§ Information shown
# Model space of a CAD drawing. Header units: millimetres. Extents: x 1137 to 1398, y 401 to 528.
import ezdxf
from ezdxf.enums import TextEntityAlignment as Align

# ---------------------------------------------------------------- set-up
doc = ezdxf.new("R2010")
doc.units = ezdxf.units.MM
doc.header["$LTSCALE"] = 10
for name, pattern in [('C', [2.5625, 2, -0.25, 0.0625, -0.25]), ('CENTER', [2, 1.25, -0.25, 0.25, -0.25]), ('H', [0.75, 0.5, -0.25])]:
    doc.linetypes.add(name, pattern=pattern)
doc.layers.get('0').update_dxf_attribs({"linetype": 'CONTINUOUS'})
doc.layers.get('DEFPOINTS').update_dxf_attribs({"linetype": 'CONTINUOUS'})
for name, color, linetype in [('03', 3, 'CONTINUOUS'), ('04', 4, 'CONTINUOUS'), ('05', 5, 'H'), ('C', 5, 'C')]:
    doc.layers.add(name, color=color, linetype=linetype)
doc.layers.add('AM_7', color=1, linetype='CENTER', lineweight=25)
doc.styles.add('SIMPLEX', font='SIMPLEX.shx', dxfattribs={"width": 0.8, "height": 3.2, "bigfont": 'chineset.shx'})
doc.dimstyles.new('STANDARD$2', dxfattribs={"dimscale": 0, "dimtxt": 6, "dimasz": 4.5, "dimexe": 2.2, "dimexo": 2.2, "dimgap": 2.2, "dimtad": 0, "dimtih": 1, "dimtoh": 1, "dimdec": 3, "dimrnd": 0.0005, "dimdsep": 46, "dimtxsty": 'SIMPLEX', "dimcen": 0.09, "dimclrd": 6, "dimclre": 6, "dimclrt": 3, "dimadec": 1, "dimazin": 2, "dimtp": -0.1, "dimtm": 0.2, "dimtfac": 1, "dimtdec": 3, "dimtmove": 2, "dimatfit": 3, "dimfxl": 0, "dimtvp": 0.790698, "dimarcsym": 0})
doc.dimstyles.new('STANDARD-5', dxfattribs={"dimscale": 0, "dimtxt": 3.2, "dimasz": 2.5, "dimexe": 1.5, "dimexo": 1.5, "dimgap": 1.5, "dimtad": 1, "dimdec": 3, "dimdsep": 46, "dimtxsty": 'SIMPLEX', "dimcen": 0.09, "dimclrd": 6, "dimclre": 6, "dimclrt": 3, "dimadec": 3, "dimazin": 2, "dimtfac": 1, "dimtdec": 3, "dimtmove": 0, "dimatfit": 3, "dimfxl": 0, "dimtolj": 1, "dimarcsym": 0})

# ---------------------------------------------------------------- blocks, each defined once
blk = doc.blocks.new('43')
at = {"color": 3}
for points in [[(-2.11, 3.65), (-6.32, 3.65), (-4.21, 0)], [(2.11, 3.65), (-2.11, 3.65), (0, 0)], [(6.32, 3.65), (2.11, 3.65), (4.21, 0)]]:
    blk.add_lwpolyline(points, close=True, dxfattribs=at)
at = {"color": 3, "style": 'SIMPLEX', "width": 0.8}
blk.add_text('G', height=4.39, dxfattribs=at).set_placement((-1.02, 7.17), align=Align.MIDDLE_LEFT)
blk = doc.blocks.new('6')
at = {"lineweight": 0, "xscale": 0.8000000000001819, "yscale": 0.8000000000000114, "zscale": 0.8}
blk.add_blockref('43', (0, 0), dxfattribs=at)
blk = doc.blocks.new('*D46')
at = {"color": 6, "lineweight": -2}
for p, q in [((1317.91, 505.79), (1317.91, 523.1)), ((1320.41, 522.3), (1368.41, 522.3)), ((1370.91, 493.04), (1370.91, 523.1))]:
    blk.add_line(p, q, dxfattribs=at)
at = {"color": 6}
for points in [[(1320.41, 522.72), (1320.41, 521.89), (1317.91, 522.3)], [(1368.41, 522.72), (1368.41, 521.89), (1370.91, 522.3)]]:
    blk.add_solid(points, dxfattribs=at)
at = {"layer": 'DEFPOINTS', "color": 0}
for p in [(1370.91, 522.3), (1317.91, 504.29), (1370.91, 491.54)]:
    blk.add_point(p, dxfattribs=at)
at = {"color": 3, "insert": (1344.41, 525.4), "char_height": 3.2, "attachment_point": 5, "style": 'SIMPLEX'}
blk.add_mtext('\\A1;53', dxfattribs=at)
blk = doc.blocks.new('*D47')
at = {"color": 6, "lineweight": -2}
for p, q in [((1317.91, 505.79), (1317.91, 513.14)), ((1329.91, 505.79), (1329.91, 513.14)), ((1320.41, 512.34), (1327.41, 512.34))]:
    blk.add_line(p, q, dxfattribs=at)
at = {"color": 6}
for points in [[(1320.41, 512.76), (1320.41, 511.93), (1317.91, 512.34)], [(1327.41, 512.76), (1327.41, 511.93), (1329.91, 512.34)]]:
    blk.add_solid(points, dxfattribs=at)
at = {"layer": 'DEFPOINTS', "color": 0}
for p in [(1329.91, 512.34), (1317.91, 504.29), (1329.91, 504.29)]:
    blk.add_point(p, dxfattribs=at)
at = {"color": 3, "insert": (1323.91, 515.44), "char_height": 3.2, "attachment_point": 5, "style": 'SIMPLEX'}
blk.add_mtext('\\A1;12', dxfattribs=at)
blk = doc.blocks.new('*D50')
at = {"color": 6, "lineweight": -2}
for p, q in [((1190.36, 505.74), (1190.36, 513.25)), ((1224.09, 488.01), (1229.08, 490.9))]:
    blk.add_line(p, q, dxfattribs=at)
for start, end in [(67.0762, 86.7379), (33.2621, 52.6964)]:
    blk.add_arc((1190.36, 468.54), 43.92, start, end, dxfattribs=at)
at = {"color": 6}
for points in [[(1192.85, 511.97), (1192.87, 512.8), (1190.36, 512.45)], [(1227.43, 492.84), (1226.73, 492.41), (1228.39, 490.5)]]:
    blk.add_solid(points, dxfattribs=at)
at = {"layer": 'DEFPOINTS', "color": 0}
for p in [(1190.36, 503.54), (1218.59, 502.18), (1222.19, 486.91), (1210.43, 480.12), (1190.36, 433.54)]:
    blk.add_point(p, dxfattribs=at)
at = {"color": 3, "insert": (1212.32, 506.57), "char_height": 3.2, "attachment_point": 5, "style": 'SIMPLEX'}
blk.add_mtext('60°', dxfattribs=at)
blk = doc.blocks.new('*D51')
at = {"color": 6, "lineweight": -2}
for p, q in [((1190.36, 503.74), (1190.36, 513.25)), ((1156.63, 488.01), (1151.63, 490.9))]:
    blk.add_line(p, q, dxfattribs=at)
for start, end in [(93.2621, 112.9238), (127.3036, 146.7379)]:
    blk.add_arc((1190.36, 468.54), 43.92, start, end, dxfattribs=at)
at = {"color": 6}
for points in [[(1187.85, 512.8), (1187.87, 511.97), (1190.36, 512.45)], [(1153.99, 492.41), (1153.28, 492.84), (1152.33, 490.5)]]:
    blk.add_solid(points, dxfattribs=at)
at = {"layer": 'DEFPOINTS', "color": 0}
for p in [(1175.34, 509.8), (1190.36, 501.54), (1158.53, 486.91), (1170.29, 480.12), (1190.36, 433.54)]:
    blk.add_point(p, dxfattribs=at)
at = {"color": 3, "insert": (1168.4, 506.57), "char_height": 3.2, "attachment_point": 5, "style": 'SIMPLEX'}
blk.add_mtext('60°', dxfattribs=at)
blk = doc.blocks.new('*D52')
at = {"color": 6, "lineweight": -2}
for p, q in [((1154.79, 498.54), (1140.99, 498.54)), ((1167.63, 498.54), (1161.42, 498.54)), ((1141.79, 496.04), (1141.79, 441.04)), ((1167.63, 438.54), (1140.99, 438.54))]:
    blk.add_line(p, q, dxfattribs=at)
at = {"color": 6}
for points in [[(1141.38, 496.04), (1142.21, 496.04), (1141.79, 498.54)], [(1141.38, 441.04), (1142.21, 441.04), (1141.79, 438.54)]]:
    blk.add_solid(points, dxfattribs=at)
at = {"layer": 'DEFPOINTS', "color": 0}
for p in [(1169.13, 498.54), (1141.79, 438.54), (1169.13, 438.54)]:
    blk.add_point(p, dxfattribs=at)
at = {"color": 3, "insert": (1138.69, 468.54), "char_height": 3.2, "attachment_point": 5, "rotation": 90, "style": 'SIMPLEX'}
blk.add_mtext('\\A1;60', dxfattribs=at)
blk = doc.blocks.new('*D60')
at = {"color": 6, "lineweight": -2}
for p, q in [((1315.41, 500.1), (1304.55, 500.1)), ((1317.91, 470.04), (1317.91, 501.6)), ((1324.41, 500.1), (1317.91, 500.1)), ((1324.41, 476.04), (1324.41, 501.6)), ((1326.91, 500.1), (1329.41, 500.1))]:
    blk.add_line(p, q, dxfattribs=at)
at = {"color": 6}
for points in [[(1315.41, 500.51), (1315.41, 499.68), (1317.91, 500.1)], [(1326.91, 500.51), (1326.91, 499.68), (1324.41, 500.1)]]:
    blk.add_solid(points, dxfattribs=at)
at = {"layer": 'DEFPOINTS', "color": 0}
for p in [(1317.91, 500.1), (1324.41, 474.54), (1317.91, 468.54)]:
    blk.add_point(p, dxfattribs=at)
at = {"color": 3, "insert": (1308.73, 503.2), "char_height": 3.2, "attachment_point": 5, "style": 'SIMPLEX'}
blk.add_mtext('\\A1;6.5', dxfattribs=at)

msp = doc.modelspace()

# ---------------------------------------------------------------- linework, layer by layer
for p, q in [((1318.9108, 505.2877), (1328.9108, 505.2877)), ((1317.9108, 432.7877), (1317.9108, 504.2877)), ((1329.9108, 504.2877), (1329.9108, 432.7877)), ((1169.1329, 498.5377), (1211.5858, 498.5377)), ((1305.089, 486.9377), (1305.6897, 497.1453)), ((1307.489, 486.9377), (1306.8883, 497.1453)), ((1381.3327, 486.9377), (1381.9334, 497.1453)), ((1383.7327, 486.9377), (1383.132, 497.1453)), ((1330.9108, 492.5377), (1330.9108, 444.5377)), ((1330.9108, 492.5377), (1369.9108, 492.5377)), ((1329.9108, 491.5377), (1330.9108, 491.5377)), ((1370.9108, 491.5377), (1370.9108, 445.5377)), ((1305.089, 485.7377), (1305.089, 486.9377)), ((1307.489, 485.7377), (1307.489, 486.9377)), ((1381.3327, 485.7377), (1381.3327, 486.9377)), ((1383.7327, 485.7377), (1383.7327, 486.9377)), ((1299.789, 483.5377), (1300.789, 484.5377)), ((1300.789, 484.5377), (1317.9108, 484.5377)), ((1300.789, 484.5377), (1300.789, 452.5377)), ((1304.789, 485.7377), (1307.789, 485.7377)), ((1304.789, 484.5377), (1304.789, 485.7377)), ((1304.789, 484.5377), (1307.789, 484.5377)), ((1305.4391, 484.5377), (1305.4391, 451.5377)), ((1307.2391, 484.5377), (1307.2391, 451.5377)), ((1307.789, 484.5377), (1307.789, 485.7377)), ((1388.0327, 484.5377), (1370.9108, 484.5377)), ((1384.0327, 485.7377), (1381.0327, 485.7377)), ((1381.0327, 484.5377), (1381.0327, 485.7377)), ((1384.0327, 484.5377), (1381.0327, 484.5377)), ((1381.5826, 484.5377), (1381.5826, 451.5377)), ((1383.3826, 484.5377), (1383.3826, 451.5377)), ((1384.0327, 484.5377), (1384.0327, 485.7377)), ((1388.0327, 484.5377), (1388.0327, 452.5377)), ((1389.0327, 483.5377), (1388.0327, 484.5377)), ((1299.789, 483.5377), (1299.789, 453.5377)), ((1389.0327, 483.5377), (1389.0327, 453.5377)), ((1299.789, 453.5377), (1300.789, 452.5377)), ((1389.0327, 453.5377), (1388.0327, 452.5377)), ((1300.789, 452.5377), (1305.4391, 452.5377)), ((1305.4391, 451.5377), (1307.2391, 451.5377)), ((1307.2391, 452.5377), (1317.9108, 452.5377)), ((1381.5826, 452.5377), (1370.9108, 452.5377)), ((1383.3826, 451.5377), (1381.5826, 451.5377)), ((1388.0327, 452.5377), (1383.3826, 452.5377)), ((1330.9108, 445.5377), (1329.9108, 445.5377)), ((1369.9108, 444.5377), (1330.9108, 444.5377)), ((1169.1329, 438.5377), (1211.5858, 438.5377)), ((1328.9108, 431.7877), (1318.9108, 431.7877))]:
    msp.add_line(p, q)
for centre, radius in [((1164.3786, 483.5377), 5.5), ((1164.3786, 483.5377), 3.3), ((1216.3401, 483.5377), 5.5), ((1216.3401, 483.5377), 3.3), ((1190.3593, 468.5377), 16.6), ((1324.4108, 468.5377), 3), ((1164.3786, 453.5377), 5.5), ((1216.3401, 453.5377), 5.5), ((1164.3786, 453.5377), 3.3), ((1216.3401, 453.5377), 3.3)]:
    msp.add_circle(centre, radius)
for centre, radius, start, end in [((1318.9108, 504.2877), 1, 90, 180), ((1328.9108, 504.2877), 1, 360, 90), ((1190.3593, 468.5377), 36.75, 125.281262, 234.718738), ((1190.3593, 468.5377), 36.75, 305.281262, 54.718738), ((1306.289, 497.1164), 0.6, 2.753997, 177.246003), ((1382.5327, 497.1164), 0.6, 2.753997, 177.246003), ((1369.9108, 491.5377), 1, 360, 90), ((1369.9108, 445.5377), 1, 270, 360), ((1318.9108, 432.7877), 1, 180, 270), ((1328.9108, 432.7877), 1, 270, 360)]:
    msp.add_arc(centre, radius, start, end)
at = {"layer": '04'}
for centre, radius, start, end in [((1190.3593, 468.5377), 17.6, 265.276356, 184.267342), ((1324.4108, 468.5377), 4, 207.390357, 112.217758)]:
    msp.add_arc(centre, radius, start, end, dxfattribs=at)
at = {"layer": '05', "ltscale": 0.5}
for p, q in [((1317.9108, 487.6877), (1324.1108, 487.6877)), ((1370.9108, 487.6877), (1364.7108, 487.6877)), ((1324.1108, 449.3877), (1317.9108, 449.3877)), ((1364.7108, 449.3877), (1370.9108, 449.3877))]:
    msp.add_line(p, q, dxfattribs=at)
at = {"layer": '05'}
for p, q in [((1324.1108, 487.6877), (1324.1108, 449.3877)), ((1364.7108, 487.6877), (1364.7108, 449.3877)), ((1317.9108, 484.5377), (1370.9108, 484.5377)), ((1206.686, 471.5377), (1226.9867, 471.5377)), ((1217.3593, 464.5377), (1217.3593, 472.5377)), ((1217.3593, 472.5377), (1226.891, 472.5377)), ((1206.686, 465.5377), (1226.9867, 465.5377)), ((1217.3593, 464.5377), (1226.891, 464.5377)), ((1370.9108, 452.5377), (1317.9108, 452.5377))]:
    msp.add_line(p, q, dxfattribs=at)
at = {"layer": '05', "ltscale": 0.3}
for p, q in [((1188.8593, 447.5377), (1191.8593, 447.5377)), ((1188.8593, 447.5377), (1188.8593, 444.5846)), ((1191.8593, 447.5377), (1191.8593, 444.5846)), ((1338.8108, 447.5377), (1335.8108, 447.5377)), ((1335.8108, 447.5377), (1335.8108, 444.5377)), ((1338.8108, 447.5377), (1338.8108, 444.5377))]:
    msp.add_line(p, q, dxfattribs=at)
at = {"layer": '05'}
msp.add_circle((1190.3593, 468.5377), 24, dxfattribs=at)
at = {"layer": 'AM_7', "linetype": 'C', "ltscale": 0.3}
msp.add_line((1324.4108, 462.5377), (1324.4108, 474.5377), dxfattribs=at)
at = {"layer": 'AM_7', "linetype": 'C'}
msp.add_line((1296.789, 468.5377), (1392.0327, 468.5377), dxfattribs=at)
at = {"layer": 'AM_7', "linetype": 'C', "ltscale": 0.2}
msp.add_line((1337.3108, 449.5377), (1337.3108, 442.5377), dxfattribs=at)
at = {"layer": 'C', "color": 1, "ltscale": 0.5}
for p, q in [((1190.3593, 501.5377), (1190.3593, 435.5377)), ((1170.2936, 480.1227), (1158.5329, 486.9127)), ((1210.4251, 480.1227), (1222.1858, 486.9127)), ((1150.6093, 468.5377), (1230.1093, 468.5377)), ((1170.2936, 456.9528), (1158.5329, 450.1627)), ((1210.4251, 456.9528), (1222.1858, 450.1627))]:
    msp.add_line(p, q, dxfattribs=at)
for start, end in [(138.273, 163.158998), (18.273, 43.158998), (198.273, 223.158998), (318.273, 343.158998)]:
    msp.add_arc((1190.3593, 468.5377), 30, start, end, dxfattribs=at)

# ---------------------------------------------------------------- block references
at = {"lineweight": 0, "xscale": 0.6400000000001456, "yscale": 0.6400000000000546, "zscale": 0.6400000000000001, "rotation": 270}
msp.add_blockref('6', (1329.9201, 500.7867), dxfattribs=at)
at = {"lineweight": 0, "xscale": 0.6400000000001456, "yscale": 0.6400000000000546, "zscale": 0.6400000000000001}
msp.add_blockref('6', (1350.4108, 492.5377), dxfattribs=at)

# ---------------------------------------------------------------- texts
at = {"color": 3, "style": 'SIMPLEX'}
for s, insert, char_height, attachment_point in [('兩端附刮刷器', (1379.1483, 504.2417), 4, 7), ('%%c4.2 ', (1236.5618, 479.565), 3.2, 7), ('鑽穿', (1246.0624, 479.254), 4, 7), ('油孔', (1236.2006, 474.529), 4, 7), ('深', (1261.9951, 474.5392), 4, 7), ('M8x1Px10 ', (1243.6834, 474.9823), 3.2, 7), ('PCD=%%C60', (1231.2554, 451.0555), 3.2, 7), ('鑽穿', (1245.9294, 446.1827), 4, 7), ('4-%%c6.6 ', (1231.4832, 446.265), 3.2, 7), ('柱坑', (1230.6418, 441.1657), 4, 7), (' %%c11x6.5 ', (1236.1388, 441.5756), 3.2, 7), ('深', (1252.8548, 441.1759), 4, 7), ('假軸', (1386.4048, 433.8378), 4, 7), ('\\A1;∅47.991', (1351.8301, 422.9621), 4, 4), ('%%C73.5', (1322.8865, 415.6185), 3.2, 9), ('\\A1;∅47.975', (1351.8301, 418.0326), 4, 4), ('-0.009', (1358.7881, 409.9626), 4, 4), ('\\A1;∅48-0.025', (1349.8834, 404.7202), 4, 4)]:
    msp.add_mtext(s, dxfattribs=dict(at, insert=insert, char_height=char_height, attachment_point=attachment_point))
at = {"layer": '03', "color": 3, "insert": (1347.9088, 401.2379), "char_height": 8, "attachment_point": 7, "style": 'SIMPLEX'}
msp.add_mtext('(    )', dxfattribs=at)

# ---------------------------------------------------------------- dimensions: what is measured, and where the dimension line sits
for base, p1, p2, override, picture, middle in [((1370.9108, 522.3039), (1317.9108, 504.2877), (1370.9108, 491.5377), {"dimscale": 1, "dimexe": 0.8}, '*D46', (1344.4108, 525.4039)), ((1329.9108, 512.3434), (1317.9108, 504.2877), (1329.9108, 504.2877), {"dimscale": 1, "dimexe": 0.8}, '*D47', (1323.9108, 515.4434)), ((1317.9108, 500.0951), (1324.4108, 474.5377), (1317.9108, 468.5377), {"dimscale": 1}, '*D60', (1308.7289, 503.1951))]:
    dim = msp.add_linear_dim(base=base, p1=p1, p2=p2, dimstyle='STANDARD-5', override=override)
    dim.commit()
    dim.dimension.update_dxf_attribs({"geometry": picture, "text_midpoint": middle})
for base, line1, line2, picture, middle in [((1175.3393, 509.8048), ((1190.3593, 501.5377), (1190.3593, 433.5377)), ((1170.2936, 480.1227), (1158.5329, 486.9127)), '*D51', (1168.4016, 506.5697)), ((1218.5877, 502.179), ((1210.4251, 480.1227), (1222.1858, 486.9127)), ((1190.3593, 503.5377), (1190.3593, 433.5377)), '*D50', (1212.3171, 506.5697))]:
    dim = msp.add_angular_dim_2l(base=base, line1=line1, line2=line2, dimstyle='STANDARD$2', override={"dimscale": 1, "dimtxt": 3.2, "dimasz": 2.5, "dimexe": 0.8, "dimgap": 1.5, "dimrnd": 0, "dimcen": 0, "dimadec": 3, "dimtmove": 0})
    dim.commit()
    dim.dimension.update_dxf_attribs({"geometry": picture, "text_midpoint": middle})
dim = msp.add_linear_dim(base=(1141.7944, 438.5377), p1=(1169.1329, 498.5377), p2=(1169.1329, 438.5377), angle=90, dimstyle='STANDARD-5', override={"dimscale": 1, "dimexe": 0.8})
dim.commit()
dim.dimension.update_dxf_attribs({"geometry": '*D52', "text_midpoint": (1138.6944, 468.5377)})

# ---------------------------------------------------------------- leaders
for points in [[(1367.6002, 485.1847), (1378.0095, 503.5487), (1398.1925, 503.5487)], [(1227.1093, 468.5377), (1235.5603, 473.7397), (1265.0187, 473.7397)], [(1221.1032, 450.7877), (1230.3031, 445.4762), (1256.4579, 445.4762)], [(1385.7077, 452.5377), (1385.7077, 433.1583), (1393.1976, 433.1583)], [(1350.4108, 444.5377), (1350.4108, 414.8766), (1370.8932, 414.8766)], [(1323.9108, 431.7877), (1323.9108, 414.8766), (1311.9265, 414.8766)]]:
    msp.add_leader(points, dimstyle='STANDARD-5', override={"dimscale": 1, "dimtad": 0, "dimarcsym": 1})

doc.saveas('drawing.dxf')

§ Assigned task
Every line containing the word "import" should be copied from the material.

§ Solution
import ezdxf
from ezdxf.enums import TextEntityAlignment as Align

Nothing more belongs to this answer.